*** Data under study

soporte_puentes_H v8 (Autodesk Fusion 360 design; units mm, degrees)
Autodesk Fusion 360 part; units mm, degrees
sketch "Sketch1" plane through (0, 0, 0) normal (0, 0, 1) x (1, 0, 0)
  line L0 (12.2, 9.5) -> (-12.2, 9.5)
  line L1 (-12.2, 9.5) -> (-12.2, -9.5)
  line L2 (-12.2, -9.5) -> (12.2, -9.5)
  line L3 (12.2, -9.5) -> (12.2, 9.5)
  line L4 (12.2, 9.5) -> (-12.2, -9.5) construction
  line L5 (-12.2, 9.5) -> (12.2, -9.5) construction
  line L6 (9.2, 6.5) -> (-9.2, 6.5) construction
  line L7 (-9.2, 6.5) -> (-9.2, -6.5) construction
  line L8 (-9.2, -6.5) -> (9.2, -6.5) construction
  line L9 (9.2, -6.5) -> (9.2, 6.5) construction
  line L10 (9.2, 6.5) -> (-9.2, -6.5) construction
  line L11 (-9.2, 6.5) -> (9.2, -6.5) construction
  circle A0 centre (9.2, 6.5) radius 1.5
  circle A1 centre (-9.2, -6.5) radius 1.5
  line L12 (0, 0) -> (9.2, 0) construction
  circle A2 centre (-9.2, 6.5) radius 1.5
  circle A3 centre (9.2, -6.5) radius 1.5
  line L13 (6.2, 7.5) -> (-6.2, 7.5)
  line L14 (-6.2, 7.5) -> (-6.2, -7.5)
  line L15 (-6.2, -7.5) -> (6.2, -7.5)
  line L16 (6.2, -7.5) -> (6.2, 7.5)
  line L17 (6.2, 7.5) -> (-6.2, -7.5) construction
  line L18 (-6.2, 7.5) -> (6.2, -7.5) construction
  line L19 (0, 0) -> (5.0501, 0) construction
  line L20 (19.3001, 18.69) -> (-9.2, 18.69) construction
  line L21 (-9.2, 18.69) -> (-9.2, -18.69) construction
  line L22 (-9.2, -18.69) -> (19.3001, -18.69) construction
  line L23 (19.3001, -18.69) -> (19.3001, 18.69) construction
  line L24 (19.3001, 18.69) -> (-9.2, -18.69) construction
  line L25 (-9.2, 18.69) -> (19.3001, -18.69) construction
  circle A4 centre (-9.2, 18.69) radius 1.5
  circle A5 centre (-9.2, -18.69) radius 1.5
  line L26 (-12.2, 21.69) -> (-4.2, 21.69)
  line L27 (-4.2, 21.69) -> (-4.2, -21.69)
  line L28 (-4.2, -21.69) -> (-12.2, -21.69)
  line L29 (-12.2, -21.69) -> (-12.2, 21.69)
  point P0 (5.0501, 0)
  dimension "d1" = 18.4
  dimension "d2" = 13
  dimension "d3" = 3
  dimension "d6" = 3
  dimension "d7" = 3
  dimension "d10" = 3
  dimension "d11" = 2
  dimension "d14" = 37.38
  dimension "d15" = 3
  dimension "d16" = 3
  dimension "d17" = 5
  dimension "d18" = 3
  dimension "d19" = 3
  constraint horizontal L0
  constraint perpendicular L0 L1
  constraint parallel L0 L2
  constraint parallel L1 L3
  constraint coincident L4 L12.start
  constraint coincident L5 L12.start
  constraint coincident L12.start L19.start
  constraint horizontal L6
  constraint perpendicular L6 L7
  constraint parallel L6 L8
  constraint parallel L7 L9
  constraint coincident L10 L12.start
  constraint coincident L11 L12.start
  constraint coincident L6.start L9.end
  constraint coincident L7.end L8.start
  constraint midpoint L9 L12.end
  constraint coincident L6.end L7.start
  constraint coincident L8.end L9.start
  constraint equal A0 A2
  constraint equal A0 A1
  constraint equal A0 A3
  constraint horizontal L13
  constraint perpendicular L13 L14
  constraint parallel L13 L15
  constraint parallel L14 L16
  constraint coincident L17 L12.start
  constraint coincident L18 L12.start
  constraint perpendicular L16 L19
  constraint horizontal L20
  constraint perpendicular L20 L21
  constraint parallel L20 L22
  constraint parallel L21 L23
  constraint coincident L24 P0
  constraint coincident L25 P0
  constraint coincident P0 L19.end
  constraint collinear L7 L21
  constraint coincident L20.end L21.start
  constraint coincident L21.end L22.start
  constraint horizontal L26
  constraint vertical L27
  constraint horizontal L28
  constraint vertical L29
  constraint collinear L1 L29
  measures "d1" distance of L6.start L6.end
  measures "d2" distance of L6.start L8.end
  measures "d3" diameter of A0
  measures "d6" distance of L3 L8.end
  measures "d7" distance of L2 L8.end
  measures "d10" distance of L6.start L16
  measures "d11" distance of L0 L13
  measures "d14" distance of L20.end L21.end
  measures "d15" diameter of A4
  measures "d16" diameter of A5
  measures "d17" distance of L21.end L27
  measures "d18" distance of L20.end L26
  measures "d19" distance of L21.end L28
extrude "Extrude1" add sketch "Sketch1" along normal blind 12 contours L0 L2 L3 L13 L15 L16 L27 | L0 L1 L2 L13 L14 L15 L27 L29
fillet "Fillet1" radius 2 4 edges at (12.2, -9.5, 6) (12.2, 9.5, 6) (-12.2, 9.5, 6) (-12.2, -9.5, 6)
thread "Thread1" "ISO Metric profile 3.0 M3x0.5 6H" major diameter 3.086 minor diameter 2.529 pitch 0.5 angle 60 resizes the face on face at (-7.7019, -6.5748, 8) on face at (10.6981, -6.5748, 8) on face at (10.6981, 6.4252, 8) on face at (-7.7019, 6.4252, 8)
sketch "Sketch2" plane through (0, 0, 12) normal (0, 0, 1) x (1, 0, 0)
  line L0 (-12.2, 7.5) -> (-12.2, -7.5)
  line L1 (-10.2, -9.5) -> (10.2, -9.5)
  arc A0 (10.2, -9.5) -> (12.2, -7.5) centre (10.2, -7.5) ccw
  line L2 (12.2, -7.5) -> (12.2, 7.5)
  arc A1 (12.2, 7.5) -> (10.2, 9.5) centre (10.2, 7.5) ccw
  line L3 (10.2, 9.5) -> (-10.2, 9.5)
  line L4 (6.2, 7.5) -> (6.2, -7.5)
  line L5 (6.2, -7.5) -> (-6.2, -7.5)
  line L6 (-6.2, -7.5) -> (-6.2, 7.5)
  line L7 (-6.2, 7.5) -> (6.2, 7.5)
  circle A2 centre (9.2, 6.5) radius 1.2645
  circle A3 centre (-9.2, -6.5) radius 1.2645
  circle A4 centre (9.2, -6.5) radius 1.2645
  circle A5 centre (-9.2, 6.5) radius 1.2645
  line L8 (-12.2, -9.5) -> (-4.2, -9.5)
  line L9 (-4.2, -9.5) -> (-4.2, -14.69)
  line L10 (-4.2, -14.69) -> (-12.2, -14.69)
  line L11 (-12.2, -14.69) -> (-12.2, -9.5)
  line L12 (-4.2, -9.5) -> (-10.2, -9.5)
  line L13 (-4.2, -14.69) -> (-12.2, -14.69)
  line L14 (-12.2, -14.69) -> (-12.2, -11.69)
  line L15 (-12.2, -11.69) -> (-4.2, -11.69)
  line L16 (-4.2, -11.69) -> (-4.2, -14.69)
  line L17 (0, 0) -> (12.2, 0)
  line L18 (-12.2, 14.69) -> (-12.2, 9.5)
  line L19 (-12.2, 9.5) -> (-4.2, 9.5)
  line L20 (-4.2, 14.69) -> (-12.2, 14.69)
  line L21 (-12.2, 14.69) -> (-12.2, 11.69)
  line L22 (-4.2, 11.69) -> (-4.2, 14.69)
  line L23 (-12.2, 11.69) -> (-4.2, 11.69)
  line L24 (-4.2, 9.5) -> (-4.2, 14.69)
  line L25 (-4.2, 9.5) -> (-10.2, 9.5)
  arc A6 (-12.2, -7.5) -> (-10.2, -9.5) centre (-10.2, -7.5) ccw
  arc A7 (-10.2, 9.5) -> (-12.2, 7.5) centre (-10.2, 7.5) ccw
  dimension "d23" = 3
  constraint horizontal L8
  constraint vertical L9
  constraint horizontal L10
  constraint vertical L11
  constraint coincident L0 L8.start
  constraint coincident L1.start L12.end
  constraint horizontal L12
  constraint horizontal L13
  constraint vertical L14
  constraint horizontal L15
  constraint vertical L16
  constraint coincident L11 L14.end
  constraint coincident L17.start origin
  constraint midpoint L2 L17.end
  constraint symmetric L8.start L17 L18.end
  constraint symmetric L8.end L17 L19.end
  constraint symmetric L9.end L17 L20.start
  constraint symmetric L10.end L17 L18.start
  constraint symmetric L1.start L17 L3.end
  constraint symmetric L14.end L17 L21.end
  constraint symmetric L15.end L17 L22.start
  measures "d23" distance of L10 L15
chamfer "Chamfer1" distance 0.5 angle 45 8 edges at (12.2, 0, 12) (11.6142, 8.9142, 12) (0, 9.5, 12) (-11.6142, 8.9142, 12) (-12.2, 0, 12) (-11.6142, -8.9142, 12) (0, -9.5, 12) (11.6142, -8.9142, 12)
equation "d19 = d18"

******

*About this exercise*: Copy out each line of the material above that holds the word "degrees".

*Task response*:
soporte_puentes_H v8 (Autodesk Fusion 360 design; units mm, degrees)
Autodesk Fusion 360 part; units mm, degrees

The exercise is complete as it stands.